Sorry im just rambling here...trying to get all my ideas out of my head, haha.

- what about using a flatter motor, the Agni95 can peak 30hp and is a flat style axial flux type motor, it is a high rpm motor, so gearing is very necessary. http://www.electricmotorsport.com/store/ems_ev_parts_motors_agni_motors.php agni95 is ~24lbs

- what about using Direct Drive like you originally mentioned, using the motorcycle motors from http://www.ev-propulsion.com/motorcycle-hub-motors.html 30kw peak would be nice, i heard they are 60lbs though...

Check out what evpropulsion is working on: http://www.ev-propulsion.com/projects.html They took two of their direct drive motorcycle motors and installed them into a subframe setup that could be installed into a Miata. You can try to do something similar...maybe contact them for more details on that setup...


----------



## tomofreno (Mar 3, 2009)

JRP3 said:


> Actually I think HPEVs said their motors are good to 10K, there is just no power up there.

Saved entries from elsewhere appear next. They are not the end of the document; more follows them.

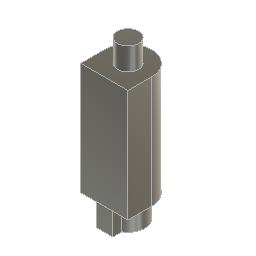
Post_Keyed_PostTop (Autodesk Fusion 360 design; units mm, degrees)
Autodesk Fusion 360 part; units mm, degrees
sketch "Sketch1" plane through (0, 0, 0) normal (0, 0, 1) x (1, 0, 0) in component "Post_Keyed_PostTop"
  circle A0 centre (0, 0) radius 1.5
  line L0 (-0.75, 0) -> (0.75, 0)
  line L1 (0.75, 0) -> (0.75, -2.1)
  line L2 (0.75, -2.1) -> (-0.75, -2.1)
  line L3 (-0.75, -2.1) -> (-0.75, 0)
  dimension "d11" = 3
  dimension "d25" = 1.5
  dimension "d26" = 2.1
  constraint coincident A0.centre origin
  constraint horizontal L0
  constraint vertical L1
  constraint horizontal L2
  constraint vertical L3
  constraint midpoint A0.centre L0
  measures "d11" diameter of A0
  measures "d25" distance of L0.start L0.end
  measures "d26" distance of L0.start L2.end
extrude "Extrude1" add sketch "Sketch1" against normal blind 2 contours A0 L0 L1 L3 | A0 L0 L1 L3 in component "Post_Keyed_PostTop"
sketch "Sketch2" plane through (0, 0, 0) normal (0, 0, 1) x (-1, 0, 0) in component "Post_Keyed_PostTop"
  circle A0 centre (0, 0) radius 1.5
  circle A1 centre (0, 0) radius 2.1
  dimension "d14" = 4.2
  constraint coincident A0.centre A1.centre
  measures "d14" diameter of A1
extrude "Extrude2" add sketch "Sketch2" along normal blind 10 contours A0 | A1 in component "Post_Keyed_PostTop"
sketch "Sketch3" plane through (0, 0, 10) normal (0, 0, 1) x (-1, 0, 0) in component "Post_Keyed_PostTop"
  circle A0 centre (0, 0) radius 2.1
  circle A1 centre (0, 0) radius 2.1
sketch "Sketch4" plane through (0, 0, 10) normal (0, 0, 1) x (-1, 0, 0) in component "Post_Keyed_PostTop"
  circle A0 centre (0, 0) radius 2.1
  line L0 (2.1, 0.0135) -> (-2.1, 0.0135)
  line L1 (-2.1, 0.0135) -> (-2.1, 2.1135)
  line L2 (-2.1, 2.1135) -> (2.1, 2.1135)
  line L3 (2.1, 2.1135) -> (2.1, 0.0135)
  dimension "d21" = 4.2
  dimension "d22" = 2.1
  constraint horizontal L0
  constraint vertical L1
  constraint horizontal L2
  constraint vertical L3
  constraint coincident A0 L0.start
  measures "d21" distance of L0.start L0.end
  measures "d22" distance of L0.start L2.end
extrude "Extrude3" add sketch "Sketch4" against normal up to surface (10 mm away) contours A0 L1 L2 L3 in component "Post_Keyed_PostTop"
extrude "Extrude4" add sketch "Sketch1" against normal up to surface (2 mm away) contours A0 L1 L2 L3 in component "Post_Keyed_PostTop"
sketch "Sketch5" plane through (0, 0, 10) normal (0, 0, 1) x (-1, 0, 0) in component "Post_Keyed_PostTop"
  arc A0 (-2.1, 0.0135) -> (2.1, 0.0135) centre (0, 0) ccw
  line L0 (2.1, 0.0135) -> (2.1, 2.1135)
  line L1 (2.1, 2.1135) -> (-2.1, 2.1135)
  line L2 (-2.1, 2.1135) -> (-2.1, 0.0135)
  circle A1 centre (0, 0) radius 0.95
  line L3 (-2.1, 0.0135) -> (-2.1, 0.0135)
  dimension "d32" = 1.9
  constraint coincident A0.centre A1.centre
  measures "d32" diameter of A1
extrude "Extrude5" add sketch "Sketch5" along normal blind 2 contours A1 in component "Post_Keyed_PostTop"
component "Post_Keyed_PostTop" placed x (1, 0, 0) y (0, 1, 0) z (0, 0, 1) at (0, 0, 0)
equation "Hole_Diameter = 3.2 mm"
equation "Print_Tolerance = 0.1 mm"
equation "Insert_Diameter = Hole_Diameter - Print_Tolerance"
equation "Flange_Overhang = 1 mm"
equation "Flange_Diameter = Hole_Diameter + Flange_Overhang"
equation "Post_Height = 10 mm"
equation "Bolt_Diameter = 2 mm"
equation "Bolt_Hole_Diameter = Bolt_Diameter - Print_Tolerance"
equation "Insert_Height = 2 mm"
equation "d11 = Insert_Diameter - Print_Tolerance"
equation "d12 = -Insert_Height"
equation "d14 = Flange_Diameter"
equation "d15 = Post_Height"
equation "Bolt_Hole_Depth = 5 mm"
equation "d21 = Flange_Diameter"
equation "d22 = Flange_Diameter / 2"
equation "d25 = ( Hole_Diameter / 2 ) - ( Print_Tolerance )"
equation "d26 = ( Flange_Diameter / 2 )"
equation "TopPost_Hole_Diameter = 2 mm"
equation "TopPost_Diameter = TopPost_Hole_Diameter - Print_Tolerance"
equation "TopPost_Height = 2 mm"
equation "d32 = TopPost_Diameter"
equation "d33 = TopPost_Height"

I've pushed mine to 7500 with no issues, I think Tomofreno has done the same. 7500 made my first gear usable to almost 45mph, but didn't have enough power to raise my top speed in second gear much, I think I could hit 70 at 7500 on the flat, with a tail wind.


 Bill told me 8k max. I've had mine to 8.4k (280 Hz), but I've since set the max to 7.5k - more due to concern for the transmission.

The AC50 has a fair amount of power at 7k (compared to peak), but not much torque. Its mostly rpm, compared to below peak power where it is mostly torque, lower rpm.

It takes a bit less than 1100 ft-lb wheel torque to accelerate my 2260 lb car (edit: with flywheel and clutch) at 6 mph/sec. Acceleration, a = tractive effort/mass = F/m = T/mr, where T is wheel torque, r is dynamic wheel radius, so scales linearly with mass and wheel torque. Wheel torque = motor torque*g, where g is the overall gear ratio.


----------



## Bowser330 (Jun 15, 2008)

tomofreno said:


> Bill told me 8k max. I've had mine to 8.4k (280 Hz), but I've since set the max to 7.5k - more due to concern for the transmission.
> 
> The AC50 has a fair amount of power at 7k (compared to peak), but not much torque. Its mostly rpm, compared to below peak power where it is mostly torque, lower rpm.
> 
> It takes a bit less than 1100 ft-lb wheel torque to accelerate my 2260 lb car (edit: with flywheel and clutch) at 6 mph/sec. Acceleration, a = tractive effort/mass = F/m = T/mr, where T is wheel torque, r is dynamic wheel radius, so scales linearly with mass and wheel torque. Wheel torque = motor torque*g, where g is the overall gear ratio.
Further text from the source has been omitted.